The people who were surveilled by the state in 2013 and briefly felt outraged about it got Cambridge Analytica instead. They traded a surveillance apparatus that needed a judge’s signature for one that needed a terms of service agreement.
That’s not a coincidence. It’s what happens when the framework that might have constrained private surveillance capitalism gets destroyed before it can do that work.
Ripples
Edward Snowden was 29 years old when he flew to Hong Kong with a hard drive.
I’ve believed since 2013 that what he did would have lasting, destabilizing consequences for the transatlantic relationship and that the people who would ultimately benefit were not the ordinary people whose data PRISM was harvesting. I didn’t know exactly what shape those consequences would take. I do now.
For what it’s worth, I don’t think he was evil, or anyone’s puppet. I think he was a very particular kind of American – the kind shaped by a founding mythology that says sunlight is always the best disinfectant, that transparency is inherently democratizing, that if people just knew, things would be different. (Like me, until I lived in the UK for a while.)
That’s not stupidity. It’s formation. It’s what America teaches its people to believe.
It just doesn’t work at the level of transatlantic intelligence frameworks.

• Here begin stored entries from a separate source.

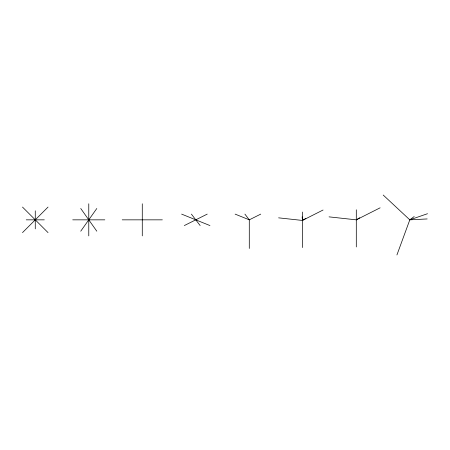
<?xml version="1.0" encoding="UTF-8"?>
<svg xmlns="http://www.w3.org/2000/svg" width="450" height="450" viewBox="0 0 450 450"><rect width="100%" height="100%" fill="white"/><g stroke="black" fill="none" stroke-linecap="round" stroke-linejoin="round"><path stroke-width="0.67" d="M396.928 254.953L409.804 219.842L414.197 216.546M80.747 231.188L96.801 208.491M22.5 232.611L48.038 207.073M305.831 218.385L302.417 220.444L278.606 217.845M329.051 216.866L356.299 219.842L359.713 217.783M323.061 210.021L302.417 220.444L302.164 216.827M356.299 219.842L380.121 207.81M184.331 225.562L207.231 214.116M260.736 214.116L249.289 219.842L235.136 214.116M383.214 195.047L409.804 219.842L427.5 213.711M409.804 219.842L427.168 218.942M26.241 219.842L44.297 219.842M72.72 219.842L104.828 219.842M122.214 219.842L162.343 219.842M181.631 214.116L209.936 225.562M22.5 207.073L48.038 232.611M244.912 214.116L249.289 219.842L249.289 248.462M191.407 214.116L200.154 225.562M80.747 208.491L96.801 231.188M356.299 209.79L356.299 246.954M302.417 212.034L302.417 247.556M142.279 203.788L142.279 235.89M88.774 203.788L88.774 235.89M35.269 210.814L35.269 228.87"/></g></svg>
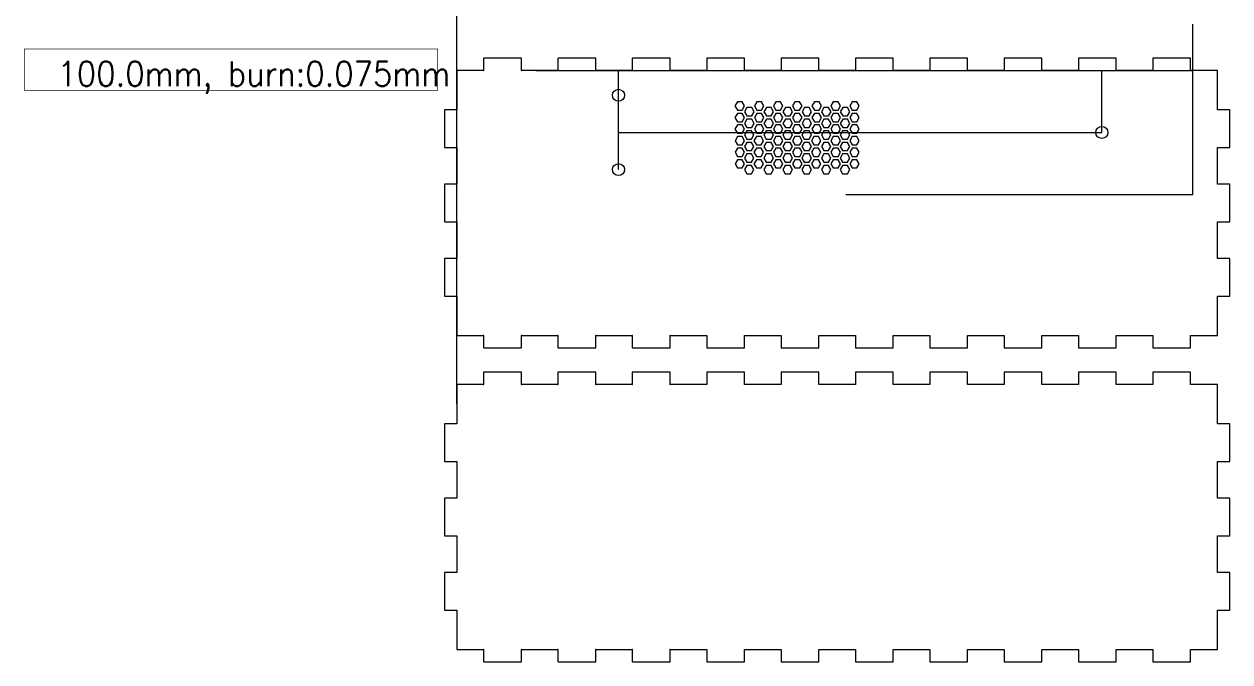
# Model space of a CAD drawing. Extents: x -20 to 272, y -138 to 307.
# Drawn here: x -20.1 to 271.8, y -138.4 to 16 of the extents above; entities that cross this region are included whole.
import ezdxf

# ---------------------------------------------------------------- set-up
doc = ezdxf.new("R2010")
doc.units = 0
doc.header["$MEASUREMENT"] = 0
doc.layers.add('cut', color=1, linetype='Continuous', lineweight=5)
doc.layers.add('helper', color=3, linetype='Continuous', lineweight=5)
doc.styles.add('textstyle3', font='Standard')

msp = doc.modelspace()

# ---------------------------------------------------------------- linework, layer by layer
at = {"color": 0, "const_width": 0.15}
msp.add_lwpolyline([(-20, 0), (80, 0), (80, 10), (-20, 10), (-20, 0)], close=True, dxfattribs=at)
at = {"layer": 'cut'}
for points in [[(84.65, 4.71), (84.65, -4.71), (84.65, -4.72), (84.66, -4.74), (84.68, -4.74), (84.68, -4.72), (84.66, -4.71), (84.65, -4.71), (81.72, -4.71), (81.71, -4.71), (81.67, -4.73), (81.65, -4.77), (81.65, -4.79), (81.65, -13.79), (81.65, -13.8), (81.67, -13.84), (81.71, -13.86), (81.72, -13.86), (84.65, -13.86), (84.66, -13.86), (84.68, -13.85), (84.68, -13.83), (84.66, -13.83), (84.65, -13.85), (84.65, -13.86), (84.65, -22.71), (84.65, -22.72), (84.66, -22.74), (84.68, -22.74), (84.68, -22.72), (84.66, -22.71), (84.65, -22.71), (81.72, -22.71), (81.71, -22.71), (81.67, -22.73), (81.65, -22.77), (81.65, -22.79), (81.65, -31.79), (81.65, -31.8), (81.67, -31.84), (81.71, -31.86), (81.72, -31.86), (84.65, -31.86), (84.66, -31.86), (84.68, -31.85), (84.68, -31.83), (84.66, -31.83), (84.65, -31.85), (84.65, -31.86), (84.65, -40.71), (84.65, -40.72), (84.66, -40.74), (84.68, -40.74), (84.68, -40.72), (84.66, -40.71), (84.65, -40.71), (81.72, -40.71), (81.71, -40.71), (81.67, -40.73), (81.65, -40.77), (81.65, -40.79), (81.65, -49.79), (81.65, -49.8), (81.67, -49.84), (81.71, -49.86), (81.72, -49.86), (84.65, -49.86), (84.66, -49.86), (84.68, -49.85), (84.68, -49.83), (84.66, -49.83), (84.65, -49.85), (84.65, -49.86), (84.65, -59.29), (84.65, -59.3), (84.67, -59.34), (84.71, -59.36), (84.72, -59.36), (91.15, -59.36), (91.16, -59.36), (91.18, -59.35), (91.18, -59.33), (91.16, -59.33), (91.15, -59.35), (91.15, -59.36), (91.15, -62.29), (91.15, -62.3), (91.17, -62.34), (91.21, -62.36), (91.22, -62.36), (100.22, -62.36), (100.24, -62.36), (100.28, -62.34), (100.3, -62.3), (100.3, -62.29), (100.3, -59.36), (100.3, -59.35), (100.29, -59.33), (100.27, -59.33), (100.27, -59.35), (100.29, -59.36), (100.3, -59.36), (109.15, -59.36), (109.16, -59.36), (109.18, -59.35), (109.18, -59.33), (109.16, -59.33), (109.15, -59.35), (109.15, -59.36), (109.15, -62.29), (109.15, -62.3), (109.17, -62.34), (109.21, -62.36), (109.22, -62.36), (118.22, -62.36), (118.24, -62.36), (118.28, -62.34), (118.3, -62.3), (118.3, -62.29), (118.3, -59.36), (118.3, -59.35), (118.29, -59.33), (118.27, -59.33), (118.27, -59.35), (118.29, -59.36), (118.3, -59.36), (127.15, -59.36), (127.16, -59.36), (127.18, -59.35), (127.18, -59.33), (127.16, -59.33), (127.15, -59.35), (127.15, -59.36), (127.15, -62.29), (127.15, -62.3), (127.17, -62.34), (127.21, -62.36), (127.22, -62.36), (136.22, -62.36), (136.24, -62.36), (136.28, -62.34), (136.3, -62.3), (136.3, -62.29), (136.3, -59.36), (136.3, -59.35), (136.29, -59.33), (136.27, -59.33), (136.27, -59.35), (136.29, -59.36), (136.3, -59.36), (145.15, -59.36), (145.16, -59.36), (145.18, -59.35), (145.18, -59.33), (145.16, -59.33), (145.15, -59.35), (145.15, -59.36), (145.15, -62.29), (145.15, -62.3), (145.17, -62.34), (145.21, -62.36), (145.23, -62.36), (154.23, -62.36), (154.24, -62.36), (154.28, -62.34), (154.3, -62.3), (154.3, -62.29), (154.3, -59.36), (154.3, -59.35), (154.29, -59.33), (154.27, -59.33), (154.27, -59.35), (154.29, -59.36), (154.3, -59.36), (163.15, -59.36), (163.16, -59.36), (163.18, -59.35), (163.18, -59.33), (163.16, -59.33), (163.15, -59.35), (163.15, -59.36), (163.15, -62.29), (163.15, -62.3), (163.17, -62.34), (163.21, -62.36), (163.22, -62.36), (172.22, -62.36), (172.24, -62.36), (172.28, -62.34), (172.3, -62.3), (172.3, -62.29), (172.3, -59.36), (172.3, -59.35), (172.29, -59.33), (172.27, -59.33), (172.27, -59.35), (172.29, -59.36), (172.3, -59.36), (181.15, -59.36), (181.16, -59.36), (181.18, -59.35), (181.18, -59.33), (181.16, -59.33), (181.15, -59.35), (181.15, -59.36), (181.15, -62.29), (181.15, -62.3), (181.17, -62.34), (181.21, -62.36), (181.22, -62.36), (190.23, -62.36), (190.24, -62.36), (190.28, -62.34), (190.3, -62.3), (190.3, -62.29), (190.3, -59.36), (190.3, -59.35), (190.29, -59.33), (190.27, -59.33), (190.27, -59.35), (190.29, -59.36), (190.3, -59.36), (199.15, -59.36), (199.16, -59.36), (199.18, -59.35), (199.18, -59.33), (199.16, -59.33), (199.15, -59.35), (199.15, -59.36), (199.15, -62.29), (199.15, -62.3), (199.17, -62.34), (199.21, -62.36), (199.23, -62.36), (208.22, -62.36), (208.24, -62.36), (208.28, -62.34), (208.3, -62.3), (208.3, -62.29), (208.3, -59.36), (208.3, -59.35), (208.29, -59.33), (208.27, -59.33), (208.27, -59.35), (208.29, -59.36), (208.3, -59.36), (217.15, -59.36), (217.16, -59.36), (217.18, -59.35), (217.18, -59.33), (217.16, -59.33), (217.15, -59.35), (217.15, -59.36), (217.15, -62.29), (217.15, -62.3), (217.17, -62.34), (217.21, -62.36), (217.22, -62.36), (226.22, -62.36), (226.24, -62.36), (226.28, -62.34), (226.3, -62.3), (226.3, -62.29), (226.3, -59.36), (226.3, -59.35), (226.29, -59.33), (226.27, -59.33), (226.27, -59.35), (226.29, -59.36), (226.3, -59.36), (235.15, -59.36), (235.16, -59.36), (235.18, -59.35), (235.18, -59.33), (235.16, -59.33), (235.15, -59.35), (235.15, -59.36), (235.15, -62.29), (235.15, -62.3), (235.17, -62.34), (235.21, -62.36), (235.22, -62.36), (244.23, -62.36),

He could have gone through legitimate channels. Yeah, they might (okay, probably would) have buried it. He would probably have been promoted. Instead, he made a choice – not naive, not unconsidered, but catastrophically miscalibrated about second and third order consequences – that detonated the one framework that was, imperfectly, doing the work of constraining what came next.
Now we all know what was left unsaid. Look at what it cost.
Snowden didn’t cause the oligarchy. But he gave the world a white elephant at a critical moment – and the oligarchy was the only party that could afford the upkeep.
The procurement regulation published in Brussels this week is what that looks like twelve years later.
A longer version – one with questions about who benefits from Western institutional collapse and what certain events have in common with the assassination of Archduke Ferdinand – is probably coming. I’m still just thinking out loud.